Lysosomal reactions are involved in normal physiological responses as well as many cell injury and disease processes; these include augmented sequestration and autophagy of organelles and proteins (Cuervo, 2004; Klionsky & Emr, 2000; Moore, 1990, 2002). Stress-induced macroautophagy, such as that triggered by nutrient deprivation, is regulated by the mTOR kinase (mammalian target of rapomycin) in eukaryotic cells from yeast to mammals (Klionsky & Emr, 2000). Such reactions have been widely documented for many adaptive and developmental physiological and disease processes; and lysosomal responses have been shown to be involved in generalised reactions to environmental stress (Cajaraville et al., 1995; Köhler et al., 2002; Moore, 1985, 1990, 2002). The functional stability of the lysosomal membrane is a good indicator of lysosomal integrity and has been used widely to measure responses to environmental perturbation in fish and molluscs (Allen & Moore, 2004; Hwang et al., 2002; Köhler et al., 2002; Moore, 2002; Moore et al., 2004a, b).

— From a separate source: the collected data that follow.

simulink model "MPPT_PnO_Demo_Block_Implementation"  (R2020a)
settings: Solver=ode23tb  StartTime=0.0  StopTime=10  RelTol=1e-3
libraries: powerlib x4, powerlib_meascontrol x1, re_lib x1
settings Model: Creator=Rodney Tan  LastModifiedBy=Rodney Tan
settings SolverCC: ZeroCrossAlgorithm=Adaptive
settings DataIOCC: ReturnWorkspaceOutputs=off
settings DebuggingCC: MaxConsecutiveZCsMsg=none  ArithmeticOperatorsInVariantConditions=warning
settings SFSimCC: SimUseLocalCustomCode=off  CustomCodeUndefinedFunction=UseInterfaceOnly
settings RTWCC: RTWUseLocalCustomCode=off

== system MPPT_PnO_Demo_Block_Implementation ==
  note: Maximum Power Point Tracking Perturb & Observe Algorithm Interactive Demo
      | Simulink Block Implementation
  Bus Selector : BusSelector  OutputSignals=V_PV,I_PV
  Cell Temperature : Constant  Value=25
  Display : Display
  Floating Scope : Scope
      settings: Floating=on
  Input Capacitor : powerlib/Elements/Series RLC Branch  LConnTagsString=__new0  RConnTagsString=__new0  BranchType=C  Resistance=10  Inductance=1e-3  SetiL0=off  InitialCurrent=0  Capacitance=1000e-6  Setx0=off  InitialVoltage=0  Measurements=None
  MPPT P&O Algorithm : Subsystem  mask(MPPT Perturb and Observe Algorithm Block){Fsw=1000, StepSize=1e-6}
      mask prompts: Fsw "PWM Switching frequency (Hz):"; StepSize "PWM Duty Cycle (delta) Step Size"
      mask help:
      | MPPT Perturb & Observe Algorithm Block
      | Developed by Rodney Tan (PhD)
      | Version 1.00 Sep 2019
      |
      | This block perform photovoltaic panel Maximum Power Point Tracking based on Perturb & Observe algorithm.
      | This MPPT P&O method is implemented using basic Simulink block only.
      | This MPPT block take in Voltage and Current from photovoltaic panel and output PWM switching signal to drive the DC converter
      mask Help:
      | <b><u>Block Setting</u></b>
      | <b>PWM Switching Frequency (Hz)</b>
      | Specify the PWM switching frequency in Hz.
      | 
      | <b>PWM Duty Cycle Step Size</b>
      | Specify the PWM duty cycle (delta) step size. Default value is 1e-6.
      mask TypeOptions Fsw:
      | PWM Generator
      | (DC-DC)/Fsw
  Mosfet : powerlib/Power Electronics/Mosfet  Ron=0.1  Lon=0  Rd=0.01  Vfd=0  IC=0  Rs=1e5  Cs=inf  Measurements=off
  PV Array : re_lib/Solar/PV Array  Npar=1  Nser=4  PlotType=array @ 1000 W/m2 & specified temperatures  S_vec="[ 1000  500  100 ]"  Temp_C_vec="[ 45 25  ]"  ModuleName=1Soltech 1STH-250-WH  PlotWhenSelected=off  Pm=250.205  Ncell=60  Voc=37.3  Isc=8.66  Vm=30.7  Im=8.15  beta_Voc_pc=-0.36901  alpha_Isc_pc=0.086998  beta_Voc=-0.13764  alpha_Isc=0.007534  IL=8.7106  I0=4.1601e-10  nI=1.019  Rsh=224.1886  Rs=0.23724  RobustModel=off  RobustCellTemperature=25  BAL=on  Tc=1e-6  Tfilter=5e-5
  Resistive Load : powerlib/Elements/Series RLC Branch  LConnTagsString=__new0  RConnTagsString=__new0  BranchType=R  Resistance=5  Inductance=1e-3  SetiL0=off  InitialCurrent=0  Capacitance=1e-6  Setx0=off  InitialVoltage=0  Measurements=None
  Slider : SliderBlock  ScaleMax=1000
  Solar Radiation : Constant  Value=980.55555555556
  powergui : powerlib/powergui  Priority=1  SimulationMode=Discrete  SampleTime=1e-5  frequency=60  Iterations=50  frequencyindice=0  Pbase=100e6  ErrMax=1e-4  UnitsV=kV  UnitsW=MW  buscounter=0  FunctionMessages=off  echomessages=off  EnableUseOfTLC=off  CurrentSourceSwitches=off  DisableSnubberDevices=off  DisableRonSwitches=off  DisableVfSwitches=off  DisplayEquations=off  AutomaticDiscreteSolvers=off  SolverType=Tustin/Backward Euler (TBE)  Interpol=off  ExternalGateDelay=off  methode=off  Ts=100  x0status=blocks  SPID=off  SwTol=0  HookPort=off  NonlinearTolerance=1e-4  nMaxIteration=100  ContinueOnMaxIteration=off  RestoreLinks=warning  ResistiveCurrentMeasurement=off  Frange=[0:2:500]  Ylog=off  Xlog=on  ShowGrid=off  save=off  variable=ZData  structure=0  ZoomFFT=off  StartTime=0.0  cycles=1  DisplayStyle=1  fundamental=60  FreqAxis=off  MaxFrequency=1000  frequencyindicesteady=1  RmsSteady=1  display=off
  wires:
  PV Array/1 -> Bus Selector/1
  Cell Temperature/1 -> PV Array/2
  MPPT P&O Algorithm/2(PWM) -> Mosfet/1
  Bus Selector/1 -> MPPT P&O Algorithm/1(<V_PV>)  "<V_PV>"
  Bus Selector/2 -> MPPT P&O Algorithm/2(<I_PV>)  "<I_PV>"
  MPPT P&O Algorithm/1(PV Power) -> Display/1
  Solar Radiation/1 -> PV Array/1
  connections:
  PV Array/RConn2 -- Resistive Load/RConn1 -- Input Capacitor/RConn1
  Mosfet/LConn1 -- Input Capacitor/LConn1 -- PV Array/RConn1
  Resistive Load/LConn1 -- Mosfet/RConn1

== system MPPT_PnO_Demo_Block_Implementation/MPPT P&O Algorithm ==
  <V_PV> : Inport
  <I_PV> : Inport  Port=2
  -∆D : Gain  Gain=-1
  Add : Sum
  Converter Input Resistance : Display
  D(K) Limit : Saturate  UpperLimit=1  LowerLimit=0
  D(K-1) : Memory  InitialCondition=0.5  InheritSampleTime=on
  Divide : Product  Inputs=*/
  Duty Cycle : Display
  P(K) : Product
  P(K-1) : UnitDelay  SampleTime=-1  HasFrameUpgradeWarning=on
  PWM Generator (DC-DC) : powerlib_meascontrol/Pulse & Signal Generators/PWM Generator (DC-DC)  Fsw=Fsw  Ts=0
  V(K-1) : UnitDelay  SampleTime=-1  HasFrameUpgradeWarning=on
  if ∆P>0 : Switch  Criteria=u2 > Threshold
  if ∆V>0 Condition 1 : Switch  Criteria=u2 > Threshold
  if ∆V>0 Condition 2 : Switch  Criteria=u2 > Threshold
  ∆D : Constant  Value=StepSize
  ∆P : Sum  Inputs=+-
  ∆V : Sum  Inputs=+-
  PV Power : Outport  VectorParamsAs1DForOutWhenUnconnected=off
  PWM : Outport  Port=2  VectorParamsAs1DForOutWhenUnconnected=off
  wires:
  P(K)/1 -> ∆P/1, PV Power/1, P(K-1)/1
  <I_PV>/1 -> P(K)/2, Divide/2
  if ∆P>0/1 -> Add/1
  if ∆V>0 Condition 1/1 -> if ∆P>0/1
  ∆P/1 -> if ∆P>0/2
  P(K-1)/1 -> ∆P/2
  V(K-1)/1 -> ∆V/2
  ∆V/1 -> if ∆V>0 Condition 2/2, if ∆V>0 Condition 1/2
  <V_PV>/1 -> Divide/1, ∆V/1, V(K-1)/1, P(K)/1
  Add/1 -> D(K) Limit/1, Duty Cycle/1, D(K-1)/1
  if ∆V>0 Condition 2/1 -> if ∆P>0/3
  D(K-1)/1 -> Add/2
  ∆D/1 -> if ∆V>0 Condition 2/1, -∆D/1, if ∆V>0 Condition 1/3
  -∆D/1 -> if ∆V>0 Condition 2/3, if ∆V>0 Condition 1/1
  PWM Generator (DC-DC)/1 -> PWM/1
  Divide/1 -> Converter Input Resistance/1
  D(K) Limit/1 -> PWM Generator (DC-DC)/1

Lysosomal functional integrity is a generic common target for environmental stressors in all eukaryotic organisms from yeast and protozoans to humans (Cuervo, 2004), that is evolutionarily highly conserved, and lysosomal membrane stability is a good diagnostic biomarker of individual health status (Allen & Moore, 2004; Bayne & Moore, 1998; Burlando et al., 2002; Cajaraville et al., 1995, 2000; Dondero et al., 2006b; Galloway et al., 2002, 2004; Hankard et al., 2004; Klionsky & Emr, 2000; Köhler et al., 1992, 2002; Lekube et al., 2000; Lowe, 1988; Lowe et al., 1982, 1992, 1995, 2006; Marigomez & Baybay-Villacorta, 2003; Moore, 1976, 1985, 1988, 1990, 2002; Moore et al., 2004a; Moore et al., 2006a,b,c; Nicholson & Lam, 2005; Svendsen & Weeks, 1995; Svendsen et al., 2004; Winston et al., 2002). Dysfunction of lysosomal processes has been mechanistically linked with many aspects of pathology associated with toxicity and degenerative diseases (Cuervo, 2004; Köhler, 2004; Köhler et al., 2002; Moore et al., 2006a, b). Recent studies have shown that lysosomal autophagy provides a second line of defence against oxidative stress (Cuervo, 2004; Moore et al., 2006c), and the capability to effectively up-regulate this process is probably a significant factor contributing to the ability of some organisms to tolerate stressful and polluted environments.

Lysosomal membrane stability has recently been adopted by UNEP as part of the first tier of techniques for assessing harmful impact in the Mediterranean Pollution programme (MEDPOL Phase IV). Other lysosomal biomarkers including lipofuscin in molluscs (age/stress pignment), and lysosomal neutral lipid (chemically induced lipidosis) in molluscs and fish have been adopted as part of the second tier assessment methods (Krishnakumar et al., 1994; Moore, 1988; Moore et al., 2004b).

This biomarker can also be used prognostically to predict liver damage and tumour progression in the liver of various fish species (Broeg et al., 1999 a, b; Köhler et al., 2002; Köhler, 2004), and hepatopancreatic degeneration in molluscs (e.g., blue and green mussels, freshwater bivalves and snails, periwinkles, oysters), coelomocyte damage in earthworms, as well as enhanced protein turnover (i.e., lysosomal autophagy) as a result of radical attack on proteins; and energetic status (i.e., scope for growth) as a predictive indicator of fitness of individuals within a population (Allen & Moore, 2004; Kirchin et al., 1992; Köhler et al., 2002; Moore et al., 2004a, 2006a; Nicholson & Lam, 2005; Svendsen & Weeks, 1995; Svendsen et al., 2004).